Lorsque quelques personnalités politiques, dont Bernard Landry et Monique Jérôme-Forget, ont publié un manifeste pour souhaiter que le Québec exploite son pétrole, on pouvait s'attendre à un contre-manifeste. Ça n'a pas tardé.

Lundi, des personnalités qui émanent de ce qu'on pourrait appeler la mouvance écolo-artistique - Pierre Curzi, Richard Desjardins -, publiaient Pour sortir de la dépendance au pétrole. Sur la planète Québec, ce genre de discours risque d'avoir de l'influence. Il suffit de voir l'enthousiasme complaisant avec lequel Le Devoir en a parlé.

On peut certainement avoir un débat sur le risque que représente l'exploitation éventuelle de nos ressources pétrolières, dont on ne connaît pas pour l'instant le potentiel, et se demander si les bénéfices que cela procurerait sont suffisants pour que le jeu en vaille la chandelle. Mais ce débat tournera à vide si on sombre dans la caricature, comme dans ce manifeste où l'on trouve au moins trois non-sens économiques.

Le premier consiste à douter qu'une éventuelle production pétrolière réduise nos importations de pétrole. «Il est cependant irresponsable d'affirmer, car il n'y a aucune preuve ni garantie, que l'exploitation en sol québécois réduira durablement et significativement ce déficit commercial.» On ne devrait pas à avoir à prouver des évidences. Chaque baril de pétrole produit au Québec réduira le déficit commercial d'autant. L'ampleur de la réduction du déficit commercial dépendra essentiellement de l'importance de cette production.

Le second porte sur la crainte que la production pétrolière compromette nos efforts pour réduire notre dépendance au pétrole. Mais pourquoi en serait-il ainsi? Les Québécois voudront-ils brûler plus d'essence parce qu'elle vient de chez nous? Cette crainte vient peut-être du fait qu'on plaque inconsciemment au pétrole le modèle hydroélectrique où, parce que c'est notre électricité, on la vend au rabais et on encourage la surconsommation.

Mais l'argument le plus étrange, c'est de douter que cette production puisse procurer des bénéfices économiques, notamment parce que «les entreprises privées détiennent l'essentiel des droits d'exploitation», en faisant référence au cas norvégien. Pourquoi aller si loin? On peut regarder juste à côté, à Terre-Neuve, même si ça fait moins chic, où l'exploitation du pétrole a eu un impact majeur et déclenché une véritable révolution.

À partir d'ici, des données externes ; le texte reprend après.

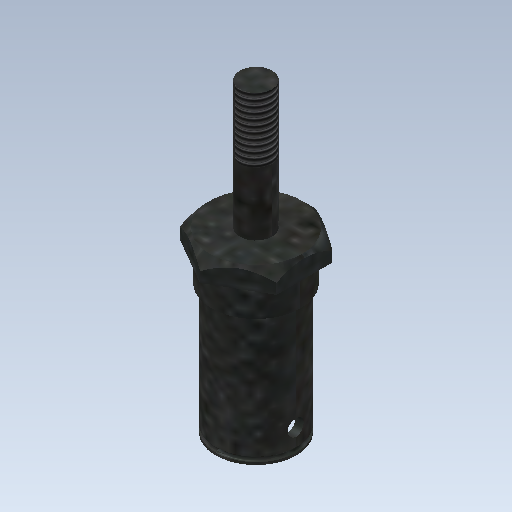
# Autodesk Inventor part: 500-126
Saved by Autodesk Inventor 2020 (Build 240168000, 168)
## iProperties
Created: 2015-04-18
Part Number: 500-126
Material: Steel
Document SubType Name: Modeling
Designer: Station9
Density: 7.85 g/cm^3
Appearance: Plate
Mass: 12.3413 g
Surface Area: 14.1806 cm^2
Volume: 1.57214 cm^3
Author: Station9
Autodesk Inventor part; units mm, degrees
ref_plane "YZ Plane" through (0, 0, 0) normal (1, 0, 0) x (0, 1, 0)
ref_plane "XZ Plane" through (0, 0, 0) normal (0, 1, 0) x (-1, 0, 0)
ref_plane "XY Plane" through (0, 0, 0) normal (0, 0, 1) x (1, 0, 0)
sketch "Sketch1" plane through (0, 0, 0) normal (0, 1, 0) x (-1, 0, 0)
  line L0 (0, -6.9282) -> (-6, -3.4641)
  line L1 (-6, -3.4641) -> (-6, 3.4641)
  line L2 (-6, 3.4641) -> (0, 6.9282)
  line L3 (0, 6.9282) -> (6, 3.4641)
  line L4 (6, 3.4641) -> (6, -3.4641)
  line L5 (6, -3.4641) -> (0, -6.9282)
  point P0 (0, 0)
  point P1 (0, 0)
  dimension "d0" = 12
  constraints: 12 end point, 1 coincident, 1 vertical, 13 other
  measures "d0" distance between parallel lines of L4 L1
extrude "Extrusion1" add sketch "Sketch1" along normal blind 2.5
sketch "Sketch2" plane through (0, 2.5, 0) normal (0, 1, 0) x (1, 0, 0)
  circle A0 centre (0, 0) radius 2
  dimension "d3" = 4
  constraints: 1 centre point, 1 coincident
  measures "d3" diameter of A0
extrude "Extrusion2" add sketch "Sketch2" along normal blind 15.8
thread "Thread1" size "M4x0.7" class "6g" standard "ANSI Metric M Profile" length 8
sketch "Sketch3" plane through (0, 0, 0) normal (0, -1, 0) x (1, 0, 0)
  circle A0 centre (0, 0) radius 5.5
  dimension "d8" = 11
  constraints: 1 centre point, 1 coincident
  measures "d8" diameter of A0
extrude "Extrusion3" add sketch "Sketch3" along normal blind 3.44
sketch "Sketch4" plane through (0, -3.44, 0) normal (0, -1, 0) x (1, 0, 0)
  circle A0 centre (0, 0) radius 5.5 projected
  circle A1 centre (0, 0) radius 5
  dimension "d11" = 10
  constraints: 1 centre point, 1 coincident
  measures "d11" diameter of A1
extrude "Extrusion4" add sketch "Sketch4" along normal blind 16 contours A1
sketch "Sketch5" plane through (0, -19.44, 0) normal (0, -1, 0) x (1, 0, 0)
  circle A0 centre (0, 0) radius 5 projected
  circle A1 centre (0, 0) radius 4
  dimension "d14" = 8
  constraints: 1 centre point, 1 coincident
  measures "d14" diameter of A1
extrude "Extrusion5" cut sketch "Sketch5" against normal blind 10 contours A1
sketch "Sketch6" plane through (0, 0, 0) normal (1, 0, 0) x (0, 1, 0)
  circle A0 centre (-16.44, 0) radius 1
  line L0 (-19.44, -4) -> (-19.44, 4) projected
  point P0 (0, 0)
  dimension "d17" = 2
  dimension "d18" = 3
  constraints: 1 centre point
  measures "d17" diameter of A0
  measures "d18" distance from line of L0 A0.centre
extrude "Extrusion6" cut sketch "Sketch6" along normal mid plane 14
sketch "Sketch7" plane through (0, 0, 0) normal (1, 0, 0) x (0, 1, 0)
  line L0 (2.5, -6.9282) -> (0, -6.9282) construction
  line L1 (0, -6.9282) -> (0, -5.5) construction
  line L2 (0, -5.5) -> (-3.44, -5.5) construction
  line L3 (-3.44, -5.5) -> (-3.44, -5) construction
  line L4 (-3.44, -5) -> (-19.44, -5) construction
  line L5 (-19.44, -5) -> (-19.44, -4) construction
  line L6 (-19.44, -4) -> (-9.44, -4) construction
  line L7 (-9.44, -4) -> (-9.44, 4) construction
  line L8 (-9.44, 4) -> (-19.44, 4) construction
  line L9 (-19.44, 4) -> (-19.44, 5) construction
  line L10 (-19.44, 5) -> (-3.44, 5) construction
  line L11 (-3.44, 5) -> (-3.44, 5.5) construction
  line L12 (-3.44, 5.5) -> (0, 5.5) construction
  line L13 (0, 5.5) -> (0, 6.9282) construction
  line L14 (0, 6.9282) -> (2.5, 6.9282) construction
  line L15 (2.5, 6.9282) -> (2.5, 2) construction
  line L16 (2.5, 2) -> (18.3, 2) construction
  line L17 (18.3, 2) -> (18.3, -2) construction
  line L18 (18.3, -2) -> (2.5, -2) construction
  line L19 (2.5, -2) -> (2.5, -6.9282) construction
  circle A0 centre (-18.84, 5) radius 0.3
  line L20 (-19.44, -4) -> (-19.44, 4) projected
  line L21 (-26.988, 0) -> (25.848, 0) projected
  point P0 (0, 0)
  dimension "d21" = 0.6
  dimension "d22" = 0.6
  constraints: 1 centre point, 1 point on line
  measures "d21" diameter of A0
  measures "d22" distance from line of L20 A0.centre
revolve "Revolution1" cut sketch "Sketch7" angle 360 about axis through (0, -10, 0) along (0, 1, 0)
sketch "Sketch8" plane through (0, 0, 0) normal (0, 0, 1) x (1, 0, 0)
  line L0 (-5.078, 3.1229) -> (-8.0424, 0.1585)
  line L1 (-8.0424, 0.1585) -> (-8.4208, 3.1229)
  line L2 (-8.4208, 3.1229) -> (-5.078, 3.1229)
  line L3 (-6, 2.5) -> (0, 2.5) projected
  line L4 (0, -26.988) -> (0, 25.848) projected
  point P0 (0, 0)
  dimension "d24" = 45
  constraints: 6 end point
  measures "d24" angle of L3 L0
revolve "Revolution2" cut sketch "Sketch8" angle 360 about axis through (0, -10, 0) along (0, 1, 0)
body "Solid1"

En 1997, Terre-Neuve était la province la plus pauvre du Canada. En 2012, à 64 188$, le PIB par habitant de Terre-Neuve était le troisième au Canada, après ceux de l'Alberta et de la Saskatchewan. Il dépasse de 45% celui du Québec, qui est de 44 267$. Bien sûr, ces chiffres sont gonflés par une production pétrolière qui ne profite pas entièrement aux Terre-Neuviens.

Mais le boom pétrolier a aussi un impact concret sur les revenus. En 2002, le revenu disponible des ménages de Terre-Neuve était de 9% inférieur à celui du Québec. En 2012, avec 30 641$, il dépassait de 15,6% les 26 347$ des Québécois.

En 2002, la rémunération hebdomadaire moyenne terre-neuvienne, à 592,22$, était de 5% inférieure aux 622,87$ québécois. Maintenant, les Terre-Neuviens nous dépassent de 12,8%, 927,47$ contre 822,68$.

L'impact a aussi été majeur pour les finances publiques. En 2003, les revenus budgétaires de Terre-Neuve étaient de 4,2 milliards. En 2012, ils atteignaient 8,1 milliards, grâce à des redevances pétrolières de 2,8 milliards. Le budget de la province a doublé en dix ans, une croissance deux fois plus importante que celle du Québec.

Ça ne fait pas de Terre-Neuve un modèle. La manne pétrolière n'a pas profité pas à tout le monde, elle n'a pas tout réglé, loin de là, mais elle a eu un impact significatif sur la croissance, l'emploi, les salaires, les ressources collectives. Le Québec est-il sur une autre planète où ces impacts ne se manifesteraient pas?